■ **Material provided**:

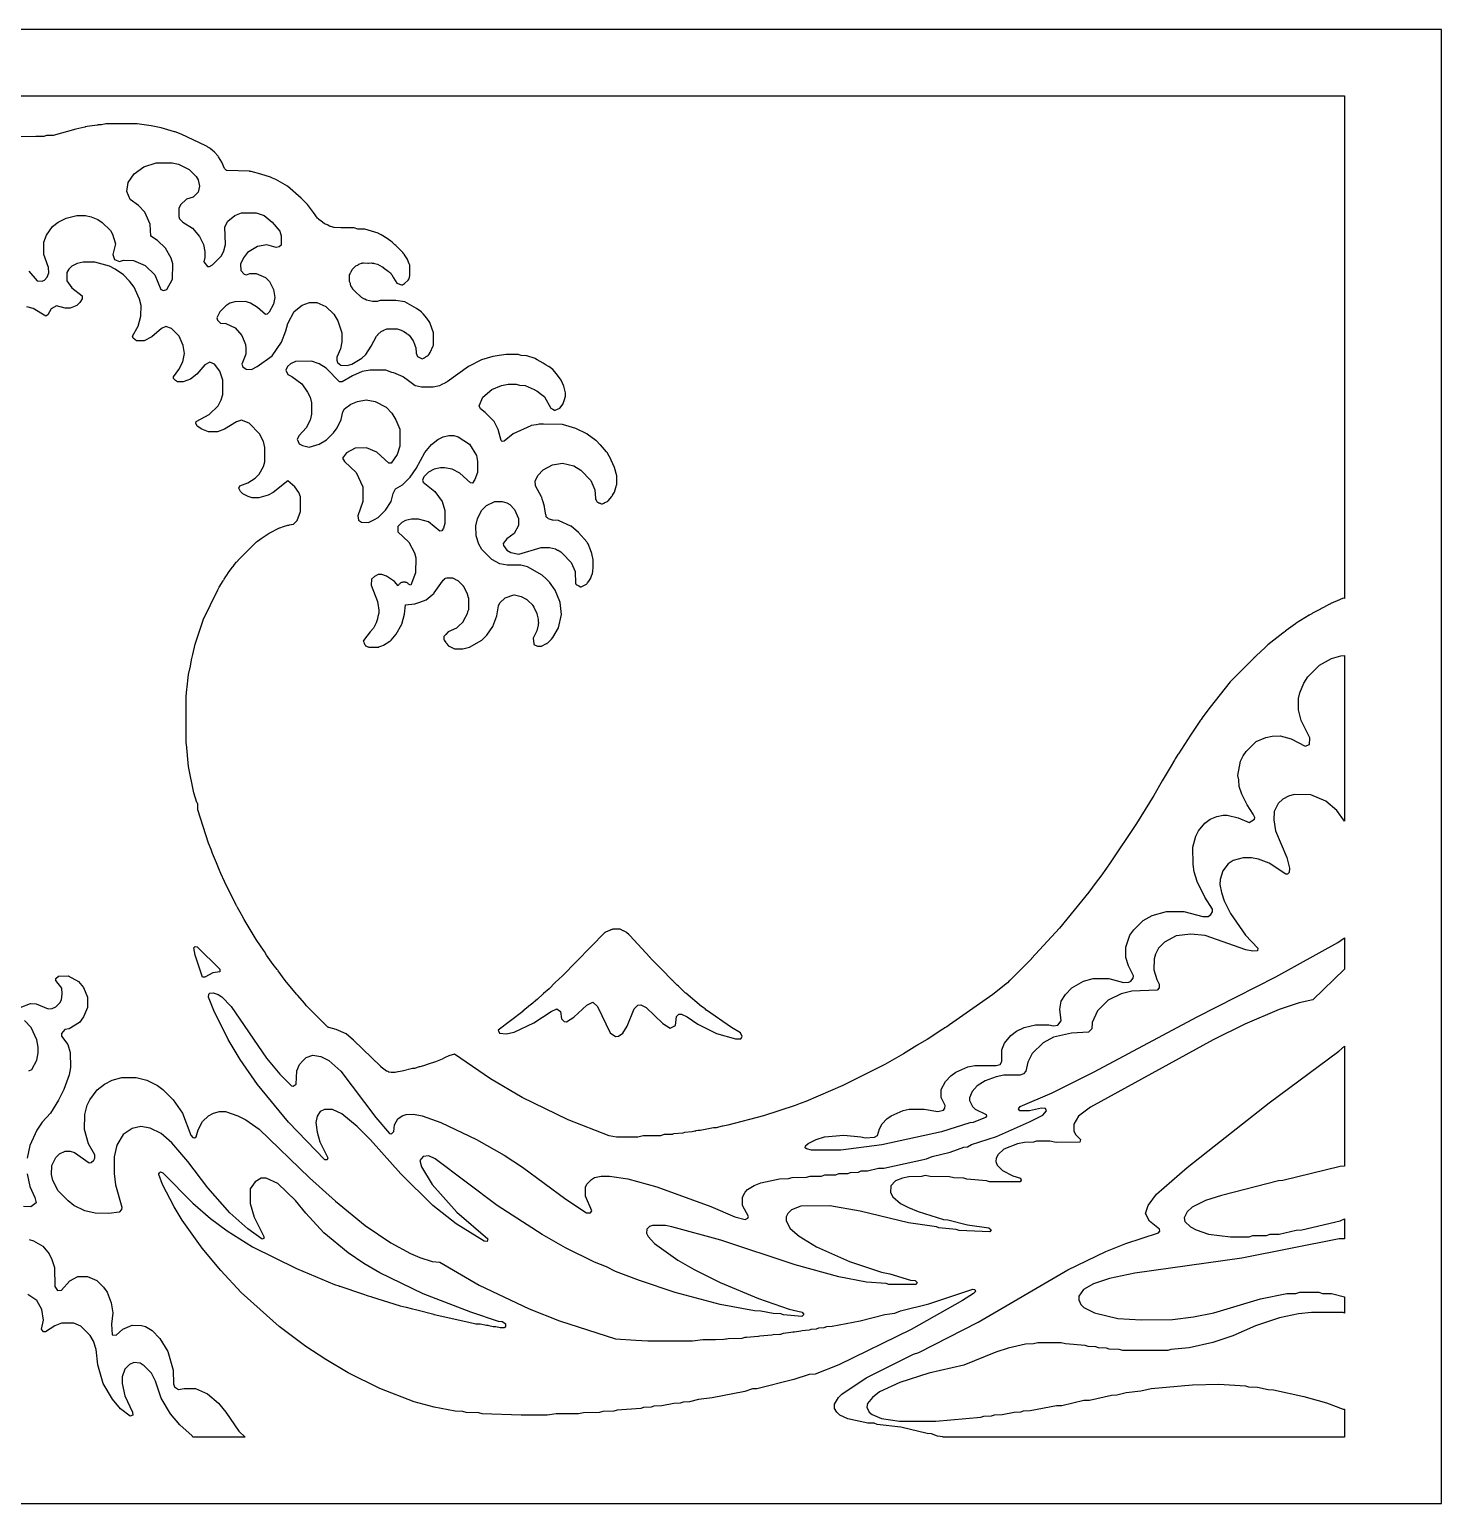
# Model space of a CAD drawing. Header units: millimetres. Extents: x 0 to 400, y 0 to 267.
# Drawn here: x 144.4 to 400, y 0 to 266.8 of the extents above; entities that cross this region are included whole.
import ezdxf

# ---------------------------------------------------------------- set-up
doc = ezdxf.new("R2010")
doc.units = ezdxf.units.MM
doc.layers.add('CUT', color=7, linetype='CONTINUOUS')

msp = doc.modelspace()

# ---------------------------------------------------------------- linework, layer by layer
at = {"layer": 'CUT'}
for points in [[(0, 266.8), (0, 0), (400, 0), (400, 266.8)], [(192.9, 192.63), (193.22, 191.82), (193.83, 191.48), (195.06, 191.19), (196.87, 191.72), (198.17, 192.52), (199.44, 193.78), (200.12, 194.72), (200.86, 196.21), (201.17, 197.59), (201.48, 198.13), (202.6, 199.01), (203.8, 199.49), (205.37, 199.76), (206.98, 199.47), (208.98, 198.42), (210.01, 197.36), (210.76, 196.17), (211.47, 194.43), (211.47, 191.39), (210.98, 189.88), (209.9, 188.3), (209.46, 188.31), (207.29, 190.32), (205.46, 191.05), (203.37, 191), (201.81, 190.18), (201.08, 189.2), (201.43, 188.59), (203.59, 186.62), (204.78, 184), (204.8, 181.37), (203.87, 178.76), (203.98, 177.97), (204.55, 177.65), (205.8, 177.59), (206.9, 178.12), (207.53, 178.49), (208.87, 179.82), (209.9, 181.36), (210.24, 182.8), (210.71, 183.68), (211.96, 184.37), (213.33, 185.74), (214.43, 187.33), (215.99, 190.21), (217.17, 191.68), (218.35, 192.58), (219.29, 193.04), (220.32, 193.3), (221.22, 193.29), (222, 193.04), (224.05, 191.72), (225.32, 189.69), (225.55, 188.63), (225.55, 186.63), (225.07, 185.36), (224.6, 184.68), (224.23, 184.73), (222.32, 186.51), (220.95, 187.19), (219.58, 187.48), (218.82, 187.48), (217.7, 187.19), (216.68, 186.67), (215.84, 185.8), (215.56, 185.2), (215.68, 184.87), (217.82, 183.17), (219.11, 181.35), (219.59, 179.72), (219.59, 177.37), (219.35, 176.56), (219.06, 176.06), (218.71, 175.99), (216.64, 177.66), (214.83, 178.19), (213.61, 178.17), (212.48, 177.91), (211.85, 177.56), (211.13, 176.84), (211.11, 175.85), (213.12, 173.99), (214.1, 172.06), (214.35, 171.17), (214.32, 168.43), (213.46, 166.23), (213.3, 166.3), (213.15, 166.35), (213.14, 166.35), (213.09, 166.41), (213, 166.49), (212.9, 166.56), (212.8, 166.63), (212.69, 166.68), (212.58, 166.72), (212.47, 166.75), (212.35, 166.76), (212.23, 166.77), (212.11, 166.76), (211.99, 166.75), (211.88, 166.72), (211.76, 166.68), (211.66, 166.62), (211.55, 166.56), (211.46, 166.49), (211.37, 166.41), (211.29, 166.32), (211.14, 166.13), (210.53, 166.9), (209.04, 167.87), (208.2, 168.15), (207.56, 168.15), (206.89, 167.82), (206.36, 167.31), (206.28, 166.22), (207.42, 163.24), (207.42, 163.21), (207.43, 163.2), (207.44, 163.13), (207.44, 163.12), (207.46, 163.03), (207.46, 163.01), (207.48, 162.9), (207.69, 161.72), (207.69, 161.71), (207.69, 161.7), (207.68, 161.66), (207.68, 161.65), (207.69, 161.6), (207.65, 161.35), (207.67, 161.14), (207.51, 160.55), (207.43, 160.12), (207.28, 159.74), (207.18, 159.38), (207, 159.03), (206.94, 158.88), (206.89, 158.81), (206.7, 158.45), (206.07, 157.76), (204.87, 156.21), (204.86, 156.12), (204.87, 156.09), (204.88, 156.05), (204.94, 155.89), (205.03, 155.65), (205.04, 155.62), (205.05, 155.6), (205.27, 155.26), (205.27, 155.25), (205.31, 155.23), (205.43, 155.17), (205.67, 155.07), (205.69, 155.06), (205.72, 155.05), (205.73, 155.05), (205.86, 155.01), (207.28, 154.98), (207.51, 154.98), (207.62, 155.01), (207.63, 155.01), (207.66, 155.02), (207.68, 155.03), (207.84, 155.09), (208.24, 155.24), (208.52, 155.34), (209.66, 156.06), (209.67, 156.07), (209.69, 156.09), (209.88, 156.29), (210.79, 157.38), (211.81, 159.18), (212.33, 160.98), (212.33, 160.99), (212.47, 162.64), (214.21, 162.82), (215.06, 163.14), (216.21, 163.58), (217.69, 164.8), (217.7, 164.81), (217.7, 164.82), (219.18, 166.95), (219.33, 167.1), (219.34, 167.11), (219.35, 167.11), (219.4, 167.19), (219.54, 167.31), (219.57, 167.35), (219.59, 167.36), (219.64, 167.4), (219.65, 167.41), (219.7, 167.46), (219.71, 167.46), (219.72, 167.46), (219.76, 167.5), (219.98, 167.53), (220.04, 167.54), (220.09, 167.54), (220.19, 167.55), (220.37, 167.55), (220.39, 167.55), (220.61, 167.54), (221, 167.53), (221.02, 167.52), (221.03, 167.52), (221.13, 167.47), (221.51, 167.29), (221.56, 167.25), (221.95, 167.05), (222.51, 166.55), (222.79, 166.23), (222.85, 166.18), (222.87, 166.13), (222.88, 166.12), (222.92, 166.08), (223.63, 164.69), (223.64, 164.67), (223.64, 164.66), (223.85, 164), (223.88, 163.93), (223.88, 163.9), (223.88, 163.87), (223.89, 163.66), (223.9, 163.6), (223.9, 163.24), (223.9, 163.09), (223.89, 162.84), (223.89, 162.79), (223.89, 162.71), (223.89, 162.7), (223.89, 162.67), (223.89, 162.66), (223.9, 162.24), (223.88, 162.16), (223.88, 162.14), (223.88, 161.78), (223.87, 161.76), (223.87, 161.74), (223.72, 161.4), (223.64, 161.05), (223, 159.81), (222.99, 159.79), (222.98, 159.77), (222.97, 159.76), (222.96, 159.74), (222.92, 159.63), (222.91, 159.62), (222.9, 159.6), (222.88, 159.58), (222.86, 159.54), (222.09, 158.79), (221.74, 158.44), (221.72, 158.43), (221.71, 158.42), (220.23, 157.78), (219.79, 157.31), (219.78, 157.3), (219.76, 157.28), (219.73, 157.25), (219.45, 156.91), (219.43, 156.66), (219.42, 156.41), (219.42, 156.37), (219.48, 156.26), (219.78, 155.87), (219.86, 155.76), (219.92, 155.68), (220.19, 155.33), (220.21, 155.31), (220.24, 155.27), (220.26, 155.26), (221.39, 154.72), (222.89, 154.7), (224.06, 154.97), (226.29, 156.24), (227.24, 157.19), (228.3, 158.74), (229.02, 160.7), (229.31, 162.48), (229.58, 163.01), (230.53, 163.95), (232.09, 164.45), (232.18, 164.43), (232.24, 164.45), (233.42, 164.18), (234.35, 163.71), (234.37, 163.69), (234.39, 163.68), (234.62, 163.45), (234.63, 163.44), (234.7, 163.37), (235.45, 162.65), (235.48, 162.6), (235.55, 162.53), (235.7, 162.24), (235.81, 162.05), (236.18, 161.28), (236.27, 161.1), (236.27, 161.09), (236.27, 161.08), (236.28, 161.07), (236.29, 161.04), (236.53, 160.06), (236.53, 159.62), (236.56, 159.45), (236.55, 159.4), (236.56, 159.34), (236.53, 159.19), (236.53, 158.97), (236.28, 157.94), (235.62, 156.63), (235.71, 155.6), (235.71, 155.59), (235.71, 155.58), (235.74, 155.53), (235.75, 155.51), (236.37, 155.21), (236.48, 155.2), (236.55, 155.2), (237.08, 155.2), (237.99, 155.64), (238.11, 155.69), (238.12, 155.7), (238.14, 155.71), (238.15, 155.72), (238.24, 155.81), (238.94, 156.45), (239.18, 156.72), (240.2, 158.47), (240.74, 160.92), (240.46, 163.09), (240.46, 163.11), (240.4, 163.26), (239.57, 165.32), (238.57, 166.74), (237.93, 167.37), (237.23, 168.04), (234.55, 169.54), (233.39, 169.82), (230.9, 169.86), (229.59, 170.1), (228.12, 170.85), (226.29, 172.68), (225.76, 173.66), (225.26, 175.17), (225.24, 176.97), (225.5, 178.25), (225.99, 179.24), (226.31, 179.79), (227.16, 180.62), (228.68, 181.37), (230.01, 181.37), (230.82, 181.12), (231.37, 180.8), (232.23, 179.91), (232.94, 178.27), (232.96, 177.64), (232.94, 177.01), (232.19, 175.55), (230.82, 174.61), (230.2, 173.74), (230.21, 173.4), (230.82, 172.57), (231.55, 172.14), (233.02, 171.85), (237.02, 173.02), (238.5, 173.02), (238.58, 173.02), (239.63, 172.77), (240.02, 172.56), (240.12, 172.53), (240.27, 172.42), (240.29, 172.41), (240.63, 172.23), (240.83, 172.03), (240.9, 171.98), (242.5, 170.34), (243.2, 168.7), (243.29, 166.51), (243.29, 166.5), (243.29, 166.49), (243.3, 166.48), (243.36, 166.34), (243.47, 166.28), (243.51, 166.26), (243.85, 166.08), (244.18, 165.91), (244.28, 165.92), (245.27, 166.4), (245.32, 166.47), (245.37, 166.53), (245.45, 166.64), (245.64, 166.9), (245.65, 166.91), (245.65, 166.92), (246.01, 167.51), (246.02, 167.52), (246.03, 167.54), (246.03, 167.55), (246.16, 167.92), (246.31, 168.34), (246.42, 168.78), (246.44, 169.45), (246.45, 170.82), (246.45, 170.83), (246.22, 171.98), (245.99, 172.62), (245.54, 173.69), (245.51, 173.73), (245.3, 174.07), (243.83, 175.78), (242.46, 176.92), (242.44, 176.93), (240.32, 177.86), (240.2, 177.9), (239.14, 177.97), (239.11, 177.98), (238.39, 178.22), (238.38, 178.23), (238.37, 178.24), (238.36, 178.24), (238.22, 178.38), (238.13, 178.46), (238.12, 178.47), (238.1, 178.49), (237.98, 178.59), (237.98, 178.6), (237.95, 178.63), (237.93, 178.91), (237.92, 178.94), (237.92, 178.95), (237.92, 178.96), (237.68, 180.34), (237.65, 180.43), (237.39, 181.3), (237.25, 181.77), (237.15, 182.13), (237.12, 182.22), (237.11, 182.23), (236.01, 184.18), (235.99, 185.1), (236.02, 185.16), (236.02, 185.2), (236.49, 186.14), (237.33, 187.01), (237.36, 187.03), (237.41, 187.08), (239.08, 188.03), (240.89, 188.3), (242.96, 187.8), (244.21, 187.02), (246.04, 185.19), (246.05, 185.17), (246.06, 185.16), (246.77, 183.5), (246.87, 181.91), (246.87, 181.9), (246.88, 181.89), (246.9, 181.84), (246.97, 181.67), (246.97, 181.66), (246.98, 181.64), (246.99, 181.62), (247, 181.6), (247.13, 181.38), (247.51, 181.13), (247.52, 181.12), (247.61, 181.09), (247.73, 181.05), (247.8, 181.02), (247.99, 180.95), (248.01, 180.95), (248.16, 180.95), (248.17, 180.95), (248.38, 181.05), (248.46, 181.09), (248.6, 181.16), (249.06, 181.39), (249.15, 181.48), (249.81, 182.29), (249.89, 182.38), (249.93, 182.43), (249.97, 182.48), (249.97, 182.49), (250.3, 183.04), (250.71, 184.33), (250.73, 184.38), (250.73, 184.39), (250.73, 184.4), (250.74, 186.04), (250.35, 187.49), (249.73, 188.86), (249.73, 188.87), (249.72, 188.89), (248.97, 190.23), (248.88, 190.34), (247.77, 191.6), (247.76, 191.61), (247.76, 191.62), (247.75, 191.63), (246.99, 192.4), (246.98, 192.41), (246.97, 192.42), (246.96, 192.43), (245.4, 193.55), (245.37, 193.57), (245.36, 193.58), (245.35, 193.59), (245.32, 193.61), (245.3, 193.62), (243.34, 194.6), (240.88, 195.32), (240.86, 195.32), (237.45, 195.35), (236.69, 195.35), (236.23, 195.27), (235.21, 195.1), (235.2, 195.09), (232.01, 193.63), (230.34, 192.27), (230.32, 192.27), (230.31, 192.26), (230.3, 192.26), (230.01, 192.22), (229.8, 192.4), (229.25, 194.38), (228.52, 195.82), (226.94, 197.47), (226.07, 198.14), (225.8, 198.68), (226.5, 200.24), (228.13, 201.64), (229.84, 202.36), (231.09, 202.6), (232.55, 202.61), (233.12, 202.4), (234.13, 202.35), (235.77, 201.62), (235.85, 201.62), (235.98, 201.53), (236.29, 201.39), (237.13, 200.72), (237.52, 200.44), (237.56, 200.37), (237.66, 200.29), (238.81, 198.24), (239.16, 198.06), (239.48, 197.89), (239.51, 197.87), (239.57, 197.88), (240.44, 198.27), (240.45, 198.28), (241.02, 199.07), (241.02, 199.08), (241.39, 200.17), (241.4, 200.21), (241.41, 200.25), (241.42, 200.29), (241.43, 200.33), (241.43, 200.34), (241.44, 200.83), (241.44, 201.05), (241.17, 202.26), (240.9, 202.81), (240.65, 203.31), (239.82, 204.45), (239.13, 205.27), (238.41, 205.79), (238.4, 205.8), (238.39, 205.81), (237.96, 206.06), (237.38, 206.4), (236.35, 207.01), (236.05, 207.19), (236, 207.22), (235.97, 207.23), (235.95, 207.24), (234.48, 207.73), (233.41, 207.79), (233.09, 207.93), (233.08, 207.94), (232.93, 207.96), (232.89, 207.97), (232.81, 207.98), (232.76, 207.98), (232, 207.99), (230.74, 207.98), (229.47, 207.82), (229.46, 207.82), (228.36, 207.61), (228.35, 207.61), (228.33, 207.6), (228.32, 207.6), (226.27, 206.98), (223.9, 205.8), (223.88, 205.78), (223.87, 205.78), (220.06, 203.03), (219.69, 202.84), (219.6, 202.78), (219.08, 202.53), (218.64, 202.31), (217.53, 202.06), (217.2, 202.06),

■ **Problem**:
Go through the records and show every line with the string "units" in it.

■ **Written answer**:
# Model space of a CAD drawing. Header units: millimetres. Extents: x 0 to 400, y 0 to 267.
doc.units = ezdxf.units.MM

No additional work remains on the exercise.